In any of the scenarios above or whenever asked for BOSH director logs, please refer to the detailed procedure on How to collect logs from BOSH director.

 

Pivotal Container Service control plane (PKS deployment)

When to collect PKS deployment logs?

Problems with PKS deployment or the PKS control plane may fall into the following categories:

  • Unable to target or reach UAA used for authentication with PKS
  • Issues with creating, updating PKS users
  • Troubles with login to the PKS api
  • Not able to get kubeconfig to access the clusters
  • Kubernetes cluster creation failures
  • Kubernetes cluster upgrade failures
  • Kubernetes cluster deletion failures
  • Smoke test failure

What to collect?

Log collection for this component is fairly straight forward.
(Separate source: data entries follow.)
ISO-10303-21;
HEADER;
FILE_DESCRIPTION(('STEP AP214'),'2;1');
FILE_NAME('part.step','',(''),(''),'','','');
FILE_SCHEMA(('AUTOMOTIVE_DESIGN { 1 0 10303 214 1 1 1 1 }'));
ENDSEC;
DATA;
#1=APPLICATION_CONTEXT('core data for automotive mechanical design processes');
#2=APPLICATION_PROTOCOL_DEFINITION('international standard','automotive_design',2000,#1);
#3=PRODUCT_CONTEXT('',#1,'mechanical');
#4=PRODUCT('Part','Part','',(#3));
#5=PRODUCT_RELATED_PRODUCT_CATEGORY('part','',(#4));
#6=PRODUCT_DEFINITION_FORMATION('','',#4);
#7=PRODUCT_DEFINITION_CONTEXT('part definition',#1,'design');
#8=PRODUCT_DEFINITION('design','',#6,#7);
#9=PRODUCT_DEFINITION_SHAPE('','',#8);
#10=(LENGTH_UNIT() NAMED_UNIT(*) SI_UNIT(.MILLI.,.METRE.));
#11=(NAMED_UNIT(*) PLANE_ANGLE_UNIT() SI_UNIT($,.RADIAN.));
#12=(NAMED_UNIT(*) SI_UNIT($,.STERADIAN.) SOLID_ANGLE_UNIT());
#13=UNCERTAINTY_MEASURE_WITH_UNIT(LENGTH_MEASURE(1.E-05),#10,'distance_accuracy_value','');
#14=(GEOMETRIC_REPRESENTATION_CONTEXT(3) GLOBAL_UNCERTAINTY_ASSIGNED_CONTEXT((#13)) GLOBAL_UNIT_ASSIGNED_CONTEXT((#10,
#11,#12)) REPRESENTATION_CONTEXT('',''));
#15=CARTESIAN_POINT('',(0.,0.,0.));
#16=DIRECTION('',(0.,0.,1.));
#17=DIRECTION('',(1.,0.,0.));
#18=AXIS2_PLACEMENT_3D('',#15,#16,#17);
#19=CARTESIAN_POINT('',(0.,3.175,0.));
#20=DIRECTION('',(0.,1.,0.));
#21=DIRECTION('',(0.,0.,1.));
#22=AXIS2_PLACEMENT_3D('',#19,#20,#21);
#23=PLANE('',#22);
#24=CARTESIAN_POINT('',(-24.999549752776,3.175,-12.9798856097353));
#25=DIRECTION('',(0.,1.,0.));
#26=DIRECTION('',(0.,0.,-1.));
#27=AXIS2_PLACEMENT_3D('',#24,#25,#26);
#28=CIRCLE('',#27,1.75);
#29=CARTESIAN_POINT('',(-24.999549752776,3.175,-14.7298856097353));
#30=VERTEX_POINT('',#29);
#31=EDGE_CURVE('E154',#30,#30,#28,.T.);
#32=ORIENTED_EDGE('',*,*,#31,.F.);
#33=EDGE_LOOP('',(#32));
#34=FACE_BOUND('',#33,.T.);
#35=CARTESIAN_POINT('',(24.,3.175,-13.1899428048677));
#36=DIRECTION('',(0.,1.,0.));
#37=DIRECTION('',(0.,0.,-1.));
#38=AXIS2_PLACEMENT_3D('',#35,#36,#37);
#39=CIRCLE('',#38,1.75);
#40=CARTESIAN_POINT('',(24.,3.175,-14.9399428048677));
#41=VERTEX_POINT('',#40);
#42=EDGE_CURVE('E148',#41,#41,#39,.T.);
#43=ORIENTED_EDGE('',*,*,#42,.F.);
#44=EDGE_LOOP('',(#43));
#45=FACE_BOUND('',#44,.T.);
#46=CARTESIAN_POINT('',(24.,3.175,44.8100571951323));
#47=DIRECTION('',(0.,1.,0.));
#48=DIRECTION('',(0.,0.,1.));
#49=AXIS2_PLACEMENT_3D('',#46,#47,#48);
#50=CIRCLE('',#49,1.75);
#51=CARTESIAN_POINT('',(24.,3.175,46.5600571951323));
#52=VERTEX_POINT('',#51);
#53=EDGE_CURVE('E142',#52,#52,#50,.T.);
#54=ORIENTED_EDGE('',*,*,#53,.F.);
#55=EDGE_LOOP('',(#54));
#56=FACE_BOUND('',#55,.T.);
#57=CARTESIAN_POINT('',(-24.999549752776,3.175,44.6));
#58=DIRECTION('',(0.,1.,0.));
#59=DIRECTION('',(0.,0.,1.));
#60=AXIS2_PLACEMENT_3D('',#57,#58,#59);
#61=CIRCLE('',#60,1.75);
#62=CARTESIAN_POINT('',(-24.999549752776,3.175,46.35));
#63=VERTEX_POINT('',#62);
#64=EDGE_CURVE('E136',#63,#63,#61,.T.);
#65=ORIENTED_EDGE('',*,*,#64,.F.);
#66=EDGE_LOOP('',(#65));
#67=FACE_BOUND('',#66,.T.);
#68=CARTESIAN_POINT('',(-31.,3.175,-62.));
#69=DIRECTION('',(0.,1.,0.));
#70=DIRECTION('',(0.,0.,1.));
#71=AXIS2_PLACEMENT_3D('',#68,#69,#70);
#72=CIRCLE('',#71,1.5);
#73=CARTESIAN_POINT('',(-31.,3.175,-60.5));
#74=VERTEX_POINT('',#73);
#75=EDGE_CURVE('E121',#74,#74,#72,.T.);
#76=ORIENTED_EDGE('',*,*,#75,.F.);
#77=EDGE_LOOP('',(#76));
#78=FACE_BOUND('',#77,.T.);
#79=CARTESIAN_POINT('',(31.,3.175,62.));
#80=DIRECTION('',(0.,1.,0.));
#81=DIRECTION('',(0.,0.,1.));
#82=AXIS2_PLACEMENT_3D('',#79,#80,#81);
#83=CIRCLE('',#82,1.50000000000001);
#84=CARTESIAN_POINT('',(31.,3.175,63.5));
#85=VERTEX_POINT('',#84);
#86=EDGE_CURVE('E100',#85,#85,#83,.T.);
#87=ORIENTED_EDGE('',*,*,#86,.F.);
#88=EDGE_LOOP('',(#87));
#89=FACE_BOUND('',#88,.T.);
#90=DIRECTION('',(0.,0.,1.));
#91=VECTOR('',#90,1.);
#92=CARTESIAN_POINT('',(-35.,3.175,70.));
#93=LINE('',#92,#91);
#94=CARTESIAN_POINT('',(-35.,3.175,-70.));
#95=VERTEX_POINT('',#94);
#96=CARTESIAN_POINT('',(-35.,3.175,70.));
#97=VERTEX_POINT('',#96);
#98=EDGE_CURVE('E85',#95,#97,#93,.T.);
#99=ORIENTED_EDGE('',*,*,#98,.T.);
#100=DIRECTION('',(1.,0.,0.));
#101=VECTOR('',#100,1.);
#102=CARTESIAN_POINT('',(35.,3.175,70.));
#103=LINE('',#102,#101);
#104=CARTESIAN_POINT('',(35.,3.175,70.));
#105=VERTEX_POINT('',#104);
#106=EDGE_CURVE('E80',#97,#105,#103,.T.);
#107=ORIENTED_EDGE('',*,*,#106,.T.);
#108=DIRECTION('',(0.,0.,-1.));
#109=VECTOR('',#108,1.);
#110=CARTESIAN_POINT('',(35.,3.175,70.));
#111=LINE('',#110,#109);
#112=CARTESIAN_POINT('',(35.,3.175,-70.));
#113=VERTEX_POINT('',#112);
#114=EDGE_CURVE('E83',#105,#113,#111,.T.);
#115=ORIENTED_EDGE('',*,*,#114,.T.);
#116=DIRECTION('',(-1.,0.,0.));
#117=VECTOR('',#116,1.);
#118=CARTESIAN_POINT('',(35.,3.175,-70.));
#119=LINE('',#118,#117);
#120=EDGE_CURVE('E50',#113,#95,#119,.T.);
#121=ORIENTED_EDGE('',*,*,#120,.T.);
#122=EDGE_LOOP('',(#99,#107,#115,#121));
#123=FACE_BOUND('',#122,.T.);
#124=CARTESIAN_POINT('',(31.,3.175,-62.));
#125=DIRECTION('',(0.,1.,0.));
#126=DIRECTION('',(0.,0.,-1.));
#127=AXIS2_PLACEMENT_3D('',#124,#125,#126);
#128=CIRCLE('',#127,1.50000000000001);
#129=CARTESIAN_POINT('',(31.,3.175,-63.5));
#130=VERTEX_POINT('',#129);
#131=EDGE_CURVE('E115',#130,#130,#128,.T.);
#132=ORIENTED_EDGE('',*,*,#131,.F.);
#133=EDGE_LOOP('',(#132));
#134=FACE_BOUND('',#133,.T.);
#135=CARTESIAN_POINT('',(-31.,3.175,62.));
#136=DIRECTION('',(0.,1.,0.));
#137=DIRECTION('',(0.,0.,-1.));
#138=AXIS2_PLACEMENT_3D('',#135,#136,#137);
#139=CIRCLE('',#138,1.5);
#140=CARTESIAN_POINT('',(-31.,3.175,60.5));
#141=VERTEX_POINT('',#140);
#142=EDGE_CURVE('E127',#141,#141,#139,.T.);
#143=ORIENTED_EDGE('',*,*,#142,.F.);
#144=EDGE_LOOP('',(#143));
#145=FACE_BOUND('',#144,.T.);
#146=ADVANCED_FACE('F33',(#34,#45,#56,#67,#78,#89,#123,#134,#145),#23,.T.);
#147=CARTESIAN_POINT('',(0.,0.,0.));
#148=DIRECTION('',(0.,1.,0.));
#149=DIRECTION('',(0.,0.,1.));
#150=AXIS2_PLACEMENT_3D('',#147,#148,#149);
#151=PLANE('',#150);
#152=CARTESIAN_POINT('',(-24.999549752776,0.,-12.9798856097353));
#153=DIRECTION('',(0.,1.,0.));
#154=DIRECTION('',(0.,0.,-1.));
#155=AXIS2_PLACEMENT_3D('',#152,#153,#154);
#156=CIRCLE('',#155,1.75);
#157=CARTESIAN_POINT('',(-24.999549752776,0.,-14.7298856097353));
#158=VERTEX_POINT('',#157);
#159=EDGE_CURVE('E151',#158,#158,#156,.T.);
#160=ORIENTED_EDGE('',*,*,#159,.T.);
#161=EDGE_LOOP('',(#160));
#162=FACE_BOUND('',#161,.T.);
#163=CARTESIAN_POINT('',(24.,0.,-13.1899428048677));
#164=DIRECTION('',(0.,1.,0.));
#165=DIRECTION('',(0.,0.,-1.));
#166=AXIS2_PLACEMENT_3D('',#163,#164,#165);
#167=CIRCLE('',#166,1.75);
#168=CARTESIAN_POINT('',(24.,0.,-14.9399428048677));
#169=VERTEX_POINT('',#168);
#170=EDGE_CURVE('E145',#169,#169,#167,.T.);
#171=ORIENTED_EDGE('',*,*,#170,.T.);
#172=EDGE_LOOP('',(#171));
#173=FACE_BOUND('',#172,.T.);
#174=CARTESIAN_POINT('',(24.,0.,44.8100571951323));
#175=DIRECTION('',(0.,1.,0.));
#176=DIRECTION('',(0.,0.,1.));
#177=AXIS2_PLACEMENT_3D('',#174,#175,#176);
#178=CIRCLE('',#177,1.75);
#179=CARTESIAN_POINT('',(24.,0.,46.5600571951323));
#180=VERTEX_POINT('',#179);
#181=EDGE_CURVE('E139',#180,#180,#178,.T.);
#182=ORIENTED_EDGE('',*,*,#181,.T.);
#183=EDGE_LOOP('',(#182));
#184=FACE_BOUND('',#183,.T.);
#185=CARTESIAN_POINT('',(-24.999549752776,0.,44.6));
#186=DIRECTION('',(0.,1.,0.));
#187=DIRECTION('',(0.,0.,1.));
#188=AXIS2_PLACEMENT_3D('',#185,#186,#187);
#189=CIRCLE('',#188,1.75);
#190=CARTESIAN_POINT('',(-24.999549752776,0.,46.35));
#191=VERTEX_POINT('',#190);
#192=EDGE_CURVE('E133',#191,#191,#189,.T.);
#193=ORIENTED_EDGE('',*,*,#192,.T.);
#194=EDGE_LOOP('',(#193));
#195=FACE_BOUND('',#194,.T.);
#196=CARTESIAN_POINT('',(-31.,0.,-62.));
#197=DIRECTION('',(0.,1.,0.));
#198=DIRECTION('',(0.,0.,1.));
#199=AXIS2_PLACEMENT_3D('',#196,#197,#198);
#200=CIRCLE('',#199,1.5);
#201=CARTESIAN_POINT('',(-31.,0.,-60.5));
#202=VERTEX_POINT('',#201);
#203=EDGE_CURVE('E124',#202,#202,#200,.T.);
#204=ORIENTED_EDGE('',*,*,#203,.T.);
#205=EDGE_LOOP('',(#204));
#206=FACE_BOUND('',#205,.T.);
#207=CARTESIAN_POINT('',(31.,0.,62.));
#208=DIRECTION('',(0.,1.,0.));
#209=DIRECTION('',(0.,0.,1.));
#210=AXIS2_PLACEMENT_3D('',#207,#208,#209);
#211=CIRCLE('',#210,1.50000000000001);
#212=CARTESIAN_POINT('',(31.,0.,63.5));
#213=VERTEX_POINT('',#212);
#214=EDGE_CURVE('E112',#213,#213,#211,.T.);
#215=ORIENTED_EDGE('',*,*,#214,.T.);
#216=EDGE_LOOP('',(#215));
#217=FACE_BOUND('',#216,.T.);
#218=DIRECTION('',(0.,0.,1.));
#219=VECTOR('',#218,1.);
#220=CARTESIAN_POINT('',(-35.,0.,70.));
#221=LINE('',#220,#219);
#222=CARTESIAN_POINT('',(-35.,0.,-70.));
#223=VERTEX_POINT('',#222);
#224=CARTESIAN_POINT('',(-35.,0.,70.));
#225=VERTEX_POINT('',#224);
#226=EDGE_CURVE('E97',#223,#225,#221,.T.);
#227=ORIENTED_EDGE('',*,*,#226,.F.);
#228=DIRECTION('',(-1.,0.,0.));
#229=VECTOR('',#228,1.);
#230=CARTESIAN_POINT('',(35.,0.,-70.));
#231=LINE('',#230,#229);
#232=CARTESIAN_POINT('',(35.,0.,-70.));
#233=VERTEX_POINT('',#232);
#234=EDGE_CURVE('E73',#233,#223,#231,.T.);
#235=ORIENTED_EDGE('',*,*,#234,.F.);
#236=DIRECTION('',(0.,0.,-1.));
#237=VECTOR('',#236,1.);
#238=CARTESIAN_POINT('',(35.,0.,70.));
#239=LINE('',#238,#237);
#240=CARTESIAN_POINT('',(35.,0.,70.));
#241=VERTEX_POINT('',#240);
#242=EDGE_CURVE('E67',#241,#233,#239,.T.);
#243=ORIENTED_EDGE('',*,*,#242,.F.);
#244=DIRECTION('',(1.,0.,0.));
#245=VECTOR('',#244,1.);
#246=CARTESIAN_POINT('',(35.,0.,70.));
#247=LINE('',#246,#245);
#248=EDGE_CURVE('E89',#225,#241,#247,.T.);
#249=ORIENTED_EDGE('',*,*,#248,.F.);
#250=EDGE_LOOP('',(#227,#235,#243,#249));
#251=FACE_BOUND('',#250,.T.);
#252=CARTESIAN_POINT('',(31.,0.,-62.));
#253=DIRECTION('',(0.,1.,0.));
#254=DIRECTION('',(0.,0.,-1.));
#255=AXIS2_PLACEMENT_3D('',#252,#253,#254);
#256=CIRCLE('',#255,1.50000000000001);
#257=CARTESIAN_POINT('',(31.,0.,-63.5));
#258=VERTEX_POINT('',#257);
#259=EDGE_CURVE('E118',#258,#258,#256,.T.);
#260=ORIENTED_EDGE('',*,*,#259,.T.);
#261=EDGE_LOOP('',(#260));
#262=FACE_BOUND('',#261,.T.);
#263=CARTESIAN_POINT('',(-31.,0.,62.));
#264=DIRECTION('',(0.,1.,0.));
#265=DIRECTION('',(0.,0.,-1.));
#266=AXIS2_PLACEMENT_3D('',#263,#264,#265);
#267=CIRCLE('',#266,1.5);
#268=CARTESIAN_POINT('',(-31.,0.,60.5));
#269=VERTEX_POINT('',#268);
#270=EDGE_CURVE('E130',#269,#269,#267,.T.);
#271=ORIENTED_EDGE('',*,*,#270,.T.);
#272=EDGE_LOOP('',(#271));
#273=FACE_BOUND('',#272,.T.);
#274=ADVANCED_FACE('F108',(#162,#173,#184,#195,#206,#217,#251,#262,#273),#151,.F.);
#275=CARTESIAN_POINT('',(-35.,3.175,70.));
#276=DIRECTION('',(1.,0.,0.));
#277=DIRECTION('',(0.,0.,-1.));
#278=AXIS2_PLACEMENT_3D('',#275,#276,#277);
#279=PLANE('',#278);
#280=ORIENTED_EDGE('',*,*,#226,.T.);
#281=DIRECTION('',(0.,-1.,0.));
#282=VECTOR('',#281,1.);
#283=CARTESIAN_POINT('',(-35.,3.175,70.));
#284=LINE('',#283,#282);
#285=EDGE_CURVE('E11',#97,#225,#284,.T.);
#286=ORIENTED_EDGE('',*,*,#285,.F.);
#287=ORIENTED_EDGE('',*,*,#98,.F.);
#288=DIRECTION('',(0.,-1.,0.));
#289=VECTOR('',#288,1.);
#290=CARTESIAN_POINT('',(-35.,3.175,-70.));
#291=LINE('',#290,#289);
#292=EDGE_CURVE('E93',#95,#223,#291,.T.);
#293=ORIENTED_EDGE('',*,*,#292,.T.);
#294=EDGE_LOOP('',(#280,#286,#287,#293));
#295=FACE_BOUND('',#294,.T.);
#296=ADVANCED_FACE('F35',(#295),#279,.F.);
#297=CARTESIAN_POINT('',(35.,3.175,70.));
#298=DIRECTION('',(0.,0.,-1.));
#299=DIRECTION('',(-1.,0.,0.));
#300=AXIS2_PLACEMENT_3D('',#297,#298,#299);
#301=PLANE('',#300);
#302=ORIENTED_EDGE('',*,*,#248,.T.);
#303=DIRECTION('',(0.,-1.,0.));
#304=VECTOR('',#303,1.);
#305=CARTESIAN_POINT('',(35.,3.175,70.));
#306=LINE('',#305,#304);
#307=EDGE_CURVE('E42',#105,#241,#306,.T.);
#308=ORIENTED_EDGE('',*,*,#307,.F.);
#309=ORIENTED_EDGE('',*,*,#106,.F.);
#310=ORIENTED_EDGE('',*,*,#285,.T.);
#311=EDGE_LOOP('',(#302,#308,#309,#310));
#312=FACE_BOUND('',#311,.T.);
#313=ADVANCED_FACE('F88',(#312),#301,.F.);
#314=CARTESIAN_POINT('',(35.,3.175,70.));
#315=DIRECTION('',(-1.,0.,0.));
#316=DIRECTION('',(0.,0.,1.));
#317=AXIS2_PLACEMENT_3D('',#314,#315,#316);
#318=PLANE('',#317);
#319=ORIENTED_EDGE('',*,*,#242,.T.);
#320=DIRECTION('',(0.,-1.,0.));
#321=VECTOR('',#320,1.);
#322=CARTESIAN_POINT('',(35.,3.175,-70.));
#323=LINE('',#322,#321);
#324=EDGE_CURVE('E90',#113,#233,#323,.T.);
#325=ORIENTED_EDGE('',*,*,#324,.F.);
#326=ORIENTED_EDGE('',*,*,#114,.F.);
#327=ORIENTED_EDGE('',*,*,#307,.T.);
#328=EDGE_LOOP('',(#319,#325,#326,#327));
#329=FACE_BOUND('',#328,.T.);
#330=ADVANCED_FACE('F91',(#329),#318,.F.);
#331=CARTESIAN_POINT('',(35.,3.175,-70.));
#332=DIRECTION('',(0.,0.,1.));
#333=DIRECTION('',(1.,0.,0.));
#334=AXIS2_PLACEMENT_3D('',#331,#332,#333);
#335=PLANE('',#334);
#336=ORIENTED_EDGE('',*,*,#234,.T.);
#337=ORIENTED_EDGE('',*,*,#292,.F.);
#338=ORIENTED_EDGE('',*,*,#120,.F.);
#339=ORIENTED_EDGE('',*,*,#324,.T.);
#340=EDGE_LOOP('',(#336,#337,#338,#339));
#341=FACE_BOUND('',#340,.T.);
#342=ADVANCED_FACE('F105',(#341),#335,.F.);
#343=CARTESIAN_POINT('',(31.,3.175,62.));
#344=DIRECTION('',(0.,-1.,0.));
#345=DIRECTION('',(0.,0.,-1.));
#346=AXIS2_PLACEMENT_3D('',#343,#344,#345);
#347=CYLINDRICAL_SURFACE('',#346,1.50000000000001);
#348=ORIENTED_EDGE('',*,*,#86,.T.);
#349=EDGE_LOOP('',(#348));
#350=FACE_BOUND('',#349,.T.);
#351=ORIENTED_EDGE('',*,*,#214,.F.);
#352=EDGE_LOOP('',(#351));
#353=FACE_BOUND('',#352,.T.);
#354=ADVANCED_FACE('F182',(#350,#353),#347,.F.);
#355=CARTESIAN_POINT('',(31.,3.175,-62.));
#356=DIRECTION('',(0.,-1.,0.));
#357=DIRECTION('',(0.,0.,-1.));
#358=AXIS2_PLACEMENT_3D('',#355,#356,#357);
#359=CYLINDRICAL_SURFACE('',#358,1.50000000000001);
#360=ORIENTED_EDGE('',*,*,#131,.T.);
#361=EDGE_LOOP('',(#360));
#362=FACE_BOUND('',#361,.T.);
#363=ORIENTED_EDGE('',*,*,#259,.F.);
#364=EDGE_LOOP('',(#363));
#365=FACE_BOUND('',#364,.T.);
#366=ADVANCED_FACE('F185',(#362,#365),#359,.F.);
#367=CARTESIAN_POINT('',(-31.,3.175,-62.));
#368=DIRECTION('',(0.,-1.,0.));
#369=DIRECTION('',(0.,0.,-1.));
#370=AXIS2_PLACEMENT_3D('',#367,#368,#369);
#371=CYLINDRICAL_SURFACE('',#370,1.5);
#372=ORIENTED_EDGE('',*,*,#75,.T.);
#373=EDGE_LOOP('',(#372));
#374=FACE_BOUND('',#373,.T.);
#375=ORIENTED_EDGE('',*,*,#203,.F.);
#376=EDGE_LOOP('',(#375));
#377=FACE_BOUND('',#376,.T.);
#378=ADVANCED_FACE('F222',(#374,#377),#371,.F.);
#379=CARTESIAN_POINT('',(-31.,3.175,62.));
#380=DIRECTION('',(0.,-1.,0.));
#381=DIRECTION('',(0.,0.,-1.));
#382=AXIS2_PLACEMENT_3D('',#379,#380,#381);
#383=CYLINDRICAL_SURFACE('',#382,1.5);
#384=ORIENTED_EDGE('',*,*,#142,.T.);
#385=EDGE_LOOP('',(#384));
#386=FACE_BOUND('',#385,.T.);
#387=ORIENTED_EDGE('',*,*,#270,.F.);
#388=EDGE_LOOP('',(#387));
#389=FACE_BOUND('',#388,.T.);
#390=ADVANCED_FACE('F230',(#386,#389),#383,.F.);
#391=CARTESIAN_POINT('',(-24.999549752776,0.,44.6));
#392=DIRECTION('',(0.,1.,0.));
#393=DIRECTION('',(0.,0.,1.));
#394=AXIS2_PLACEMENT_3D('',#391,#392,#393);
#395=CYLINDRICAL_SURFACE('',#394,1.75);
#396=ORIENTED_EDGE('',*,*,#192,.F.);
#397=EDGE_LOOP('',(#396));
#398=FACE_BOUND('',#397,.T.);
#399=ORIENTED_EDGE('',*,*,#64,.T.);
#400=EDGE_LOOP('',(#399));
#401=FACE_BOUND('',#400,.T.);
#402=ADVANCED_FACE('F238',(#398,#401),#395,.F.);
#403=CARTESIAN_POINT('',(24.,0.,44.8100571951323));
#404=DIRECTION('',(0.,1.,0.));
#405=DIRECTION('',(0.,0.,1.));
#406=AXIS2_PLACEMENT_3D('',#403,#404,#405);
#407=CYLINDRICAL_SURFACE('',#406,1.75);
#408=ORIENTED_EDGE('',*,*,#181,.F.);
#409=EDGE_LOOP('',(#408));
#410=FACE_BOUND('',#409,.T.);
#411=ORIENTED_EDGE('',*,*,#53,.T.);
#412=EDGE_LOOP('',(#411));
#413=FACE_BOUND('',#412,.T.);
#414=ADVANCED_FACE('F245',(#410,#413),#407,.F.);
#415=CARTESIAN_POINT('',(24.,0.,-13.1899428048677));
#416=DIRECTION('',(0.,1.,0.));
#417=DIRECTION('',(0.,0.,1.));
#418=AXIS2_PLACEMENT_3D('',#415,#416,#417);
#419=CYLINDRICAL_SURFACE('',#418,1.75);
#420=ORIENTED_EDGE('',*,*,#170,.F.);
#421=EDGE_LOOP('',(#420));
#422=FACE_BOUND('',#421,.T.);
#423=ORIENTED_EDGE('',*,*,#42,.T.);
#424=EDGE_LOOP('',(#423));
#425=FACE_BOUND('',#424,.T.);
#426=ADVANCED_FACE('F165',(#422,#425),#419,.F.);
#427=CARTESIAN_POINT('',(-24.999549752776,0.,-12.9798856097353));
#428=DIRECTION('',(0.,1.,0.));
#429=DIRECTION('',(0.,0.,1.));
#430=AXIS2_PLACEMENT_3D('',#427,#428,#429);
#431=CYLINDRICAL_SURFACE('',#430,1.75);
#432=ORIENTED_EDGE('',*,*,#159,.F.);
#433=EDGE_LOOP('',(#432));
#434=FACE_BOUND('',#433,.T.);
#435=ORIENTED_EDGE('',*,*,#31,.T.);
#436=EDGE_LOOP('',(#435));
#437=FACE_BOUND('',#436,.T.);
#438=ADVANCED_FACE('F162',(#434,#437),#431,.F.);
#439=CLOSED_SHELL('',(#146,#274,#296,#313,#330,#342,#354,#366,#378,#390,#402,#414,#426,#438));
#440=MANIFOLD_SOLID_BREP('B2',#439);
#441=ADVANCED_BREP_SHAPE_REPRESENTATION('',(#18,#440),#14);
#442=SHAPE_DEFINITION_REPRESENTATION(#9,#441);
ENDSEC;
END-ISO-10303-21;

After logging into BOSH collect PKS deployment logs using bosh logs -d pivotal-container-service-<UUID>. This should always be collected, along with a few additional artifacts that may be needed depending on the operation that has failed.

  • Cluster creation or deletion fails
    • Debug logs for the failed bosh task using the command, bosh task <task_id> --debug
    • Service instance logs, covered under Kubernetes Clusters (Service instance deployments)
  • Cluster upgrade fails
    • Change-log of the failed "Apply Changes" attempt from Ops Manager
    • Debug logs for the failed bosh task using the command,  bosh task <task_id> --debug
    • Service instance logs, covered under Kubernetes Clusters (Service instance deployments)

Kubernetes Clusters (Service instance deployments)

When to collect service instance deployment logs?

Any issues with the Kubernetes clusters and components warrant the collection of these logs:

  • Authentication failures when using kubectl
  • Unable to reach Kubernetes API
  • Kubernetes cluster creation failures
  • Kubernetes cluster upgrade failures
  • Smoke test failure
  • Unable to create new workloads
  • Not able to reach services or workloads deployed on Kubernetes  cluster
  • Kubernetes cluster deletion failures

What to collect?

To analyze the impacted cluster, the logs for that particular service deployment are needed. These can be collected after logging into BOSH and collecting the following:
  • Service instance deployment logs
    • bosh logs -d service-instance_<UUID>
  • If the issue has been isolated to Kubernetes master VMs only
    • bosh logs -d service-instance_<UUID> master
    • Above command will work in multi master setup as well
  • If the issue has been isolated to Kubernetes worker VMs
    • bosh logs -d service-instance_<UUID> worker
  • Cluster creation or deletion fails
    • PKS deployment logs
    • Debug logs for the failed bosh task using bosh task <task_id> --debug
    • bosh logs -d service-instance_<UUID>
  • Cluster upgrade fails
    • PKS deployment logs
    • Change-log of the failed "Apply Changes" attempt from Ops Manager
    • Debug logs for the failed bosh task using bosh task <task_id> --debug
    • bosh logs -d service-instance_<UUID>

Workloads running on Kubernetes Clusters

Although supporting a specific user application and corresponding workloads is out of the scope of Pivotal Support, there are few scenarios where applications are not able to run successfully over the underlying platform (PKS). The aim here is to collect artifacts that will help isolate platform issue from an application issue.

When do you want to collect logs for workloads or applications running on Kubernetes clusters?

  • Application deployment fails
  • Pods stuck in ContainerCreating state
  • Pods stuck in ImagePullBackOff state
  • Kubernetes services not reachable
  • Kubernetes services missing endpoints
  • Not able to create persistent volumes and volume mount failures
  • Workloads hung in drain state

What to collect?

To isolate application issue vs a platform issue, the following information is needed:

  • Service deployment logs
    • Collection described in the steps above
  • kubectl describe on failing Kubernetes objects
  • kubectl logs for failing pods
  • Sample application deployment manifest to help reproduce the issue
  • When using helm chart to deploy apps. Helm chart name and release version if publicly available.
  • For ingress and service accessibility issues
    • kubectl describe of ingress or service resource
    • traceroute on the IP
    • In case of NSX-T, use the search bar to review if same IP is pointing to multiple NSX-T objects.
    • Debugging services
  • Debugging pod
  • Application debugging